EXERCISE REQUIREMENTS: Set down the entries below exactly, leaving out all images.

TASK INPUTS:
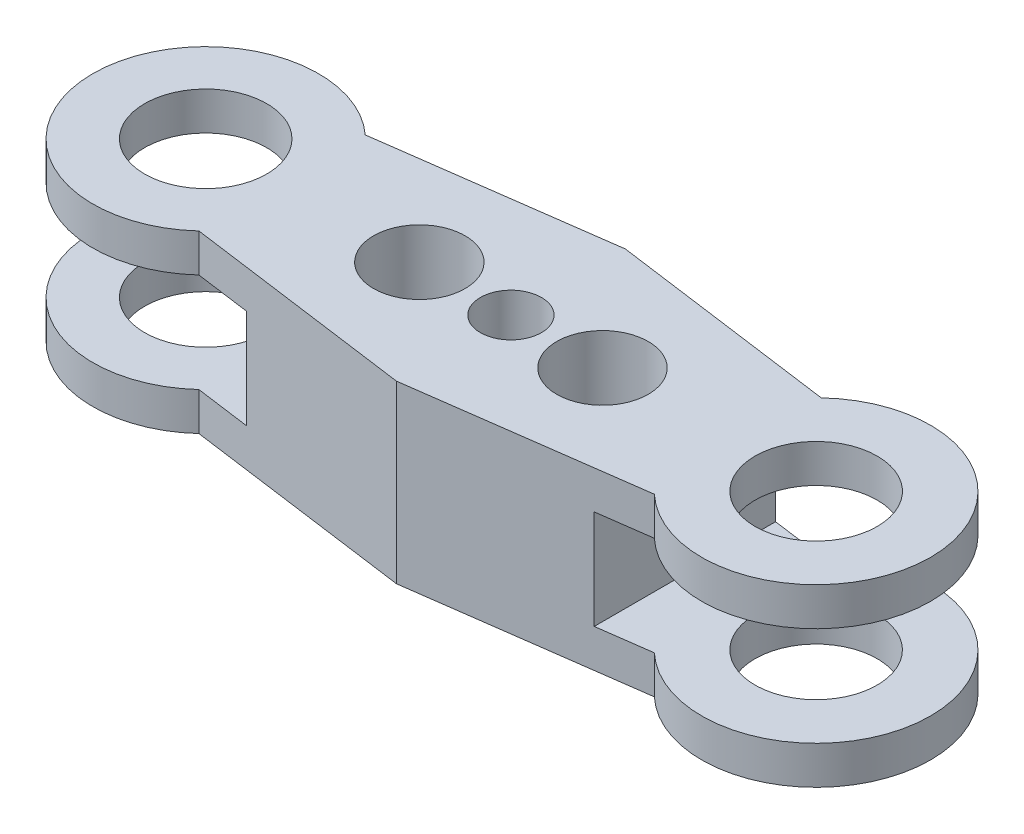
SolidWorks part; units mm, degrees
ref_plane "Ön Düzlem" through (0, 0, 0) normal (0, 0, 1) x (1, 0, 0)
ref_plane "Üst Düzlem" through (0, 0, 0) normal (0, 1, 0) x (1, 0, 0)
ref_plane "Sağ Düzlem" through (0, 0, 0) normal (1, 0, 0) x (0, 0, -1)
sketch "Çizim2" plane through (0, 0, 0) normal (0, 1, 0) x (1, 0, 0)
  line L0 (14.8663, -5.4676) -> (14.9951, -5.45)
  line L3 (14.8663, 5.4676) -> (14.9951, 5.45)
  line L4 (-14.9951, 5.45) -> (0, 7.5)
  line L5 (-14.9951, -5.45) -> (0, -7.5)
  line L6 (14.9951, 5.45) -> (0, 7.5)
  line L7 (14.9951, -5.45) -> (0, -7.5)
  arc A0 (-14.9951, 5.45) -> (-14.9951, -5.45) centre (-20, 0) ccw
  arc A1 (14.8663, -5.4676) -> (14.8663, 5.4676) centre (20, 0) ccw
  circle A2 centre (-20, 0) radius 4
  circle A3 centre (20, 0) radius 4
  circle A4 centre (-6, 0) radius 3
  circle A5 centre (6, 0) radius 3
  circle A6 centre (0, 0) radius 2
  point P4 (0, 0)
  point P10 (0, 0)
  point P15 (-14.9951, 0)
  point P20 (0, 0)
extrude "Yükseklik-Ekstrüzyon1" add sketch "Çizim2" along normal blind 11.5 contours A1 L6 L4 A0 L5 L7 A6 A5 A4 A3 A2 region at (-7.4205, 0, -5.9111)
ref_plane "Düzlem1" through (15, 0, 0) normal (1, 0, 0) x (0, 0, -1)
ref_plane "Düzlem5" through (0, 0, 0) normal (1, 0, 0) x (0, 0, -1)
sketch "Çizim14" plane through (0, 11.5, 0) normal (0, 1, 0) x (1, 0, 0)
  circle A0 centre (-20, 0) radius 4
sketch "Çizim16" plane through (0, 0, 0) normal (0, 0, 1) x (1, 0, 0)
  line L0 (-27.3994, 9) -> (-27.3994, 2.5)
  line L1 (-27.3994, 9) -> (-11.3994, 9)
  line L2 (-11.3994, 9) -> (-11.3994, 2.5)
  line L3 (-11.3994, 2.5) -> (-27.3994, 2.5)
  line L4 (-27.3994, 11.5) -> (-27.3994, 0) construction
  line L5 (-29.1019, 2.5) -> (-27.3994, 2.5)
  line L6 (-29.1019, 2.5) -> (-29.1019, 9)
  line L7 (-29.1019, 9) -> (-27.3994, 9)
  line L8 (0, -6.325) -> (0, 6.325) construction
  line L9 (29.1019, 2.5) -> (27.3994, 2.5)
  line L10 (29.1019, 9) -> (27.3994, 9)
  line L11 (29.1019, 2.5) -> (29.1019, 9)
  line L12 (11.3994, 9) -> (11.3994, 2.5)
  line L13 (11.3994, 2.5) -> (27.3994, 2.5)
  line L14 (27.3994, 9) -> (11.3994, 9)
extrude "Kes-Ekstrüzyon9" cut sketch "Çizim16" against normal blind 50 and the other way blind 50 contours L3 L2 L1 L0 | L7 L6 L5 L0 | L10 L14 L12 L13 L9 L11 region at (-19.3994, 5.75, 0) region at (-28.2507, 5.75, 0) region at (20.2507, 5.75, 0)

REPLY:
SolidWorks part; units mm, degrees
ref_plane "Ön Düzlem" through (0, 0, 0) normal (0, 0, 1) x (1, 0, 0)
ref_plane "Üst Düzlem" through (0, 0, 0) normal (0, 1, 0) x (1, 0, 0)
ref_plane "Sağ Düzlem" through (0, 0, 0) normal (1, 0, 0) x (0, 0, -1)
sketch "Çizim2" plane through (0, 0, 0) normal (0, 1, 0) x (1, 0, 0)
  line L0 (14.8663, -5.4676) -> (14.9951, -5.45)
  line L3 (14.8663, 5.4676) -> (14.9951, 5.45)
  line L4 (-14.9951, 5.45) -> (0, 7.5)
  line L5 (-14.9951, -5.45) -> (0, -7.5)
  line L6 (14.9951, 5.45) -> (0, 7.5)
  line L7 (14.9951, -5.45) -> (0, -7.5)
  arc A0 (-14.9951, 5.45) -> (-14.9951, -5.45) centre (-20, 0) ccw
  arc A1 (14.8663, -5.4676) -> (14.8663, 5.4676) centre (20, 0) ccw
  circle A2 centre (-20, 0) radius 4
  circle A3 centre (20, 0) radius 4
  circle A4 centre (-6, 0) radius 3
  circle A5 centre (6, 0) radius 3
  circle A6 centre (0, 0) radius 2
  point P4 (0, 0)
  point P10 (0, 0)
  point P15 (-14.9951, 0)
  point P20 (0, 0)
extrude "Yükseklik-Ekstrüzyon1" add sketch "Çizim2" along normal blind 11.5 contours A1 L6 L4 A0 L5 L7 A6 A5 A4 A3 A2 region at (-7.4205, 0, -5.9111)
ref_plane "Düzlem1" through (15, 0, 0) normal (1, 0, 0) x (0, 0, -1)
ref_plane "Düzlem5" through (0, 0, 0) normal (1, 0, 0) x (0, 0, -1)
sketch "Çizim14" plane through (0, 11.5, 0) normal (0, 1, 0) x (1, 0, 0)
  circle A0 centre (-20, 0) radius 4
sketch "Çizim16" plane through (0, 0, 0) normal (0, 0, 1) x (1, 0, 0)
  line L0 (-27.3994, 9) -> (-27.3994, 2.5)
  line L1 (-27.3994, 9) -> (-11.3994, 9)
  line L2 (-11.3994, 9) -> (-11.3994, 2.5)
  line L3 (-11.3994, 2.5) -> (-27.3994, 2.5)
  line L4 (-27.3994, 11.5) -> (-27.3994, 0) construction
  line L5 (-29.1019, 2.5) -> (-27.3994, 2.5)
  line L6 (-29.1019, 2.5) -> (-29.1019, 9)
  line L7 (-29.1019, 9) -> (-27.3994, 9)
  line L8 (0, -6.325) -> (0, 6.325) construction
  line L9 (29.1019, 2.5) -> (27.3994, 2.5)
  line L10 (29.1019, 9) -> (27.3994, 9)
  line L11 (29.1019, 2.5) -> (29.1019, 9)
  line L12 (11.3994, 9) -> (11.3994, 2.5)
  line L13 (11.3994, 2.5) -> (27.3994, 2.5)
  line L14 (27.3994, 9) -> (11.3994, 9)
extrude "Kes-Ekstrüzyon9" cut sketch "Çizim16" against normal blind 50 and the other way blind 50 contours L3 L2 L1 L0 | L7 L6 L5 L0 | L10 L14 L12 L13 L9 L11 region at (-19.3994, 5.75, 0) region at (-28.2507, 5.75, 0) region at (20.2507, 5.75, 0)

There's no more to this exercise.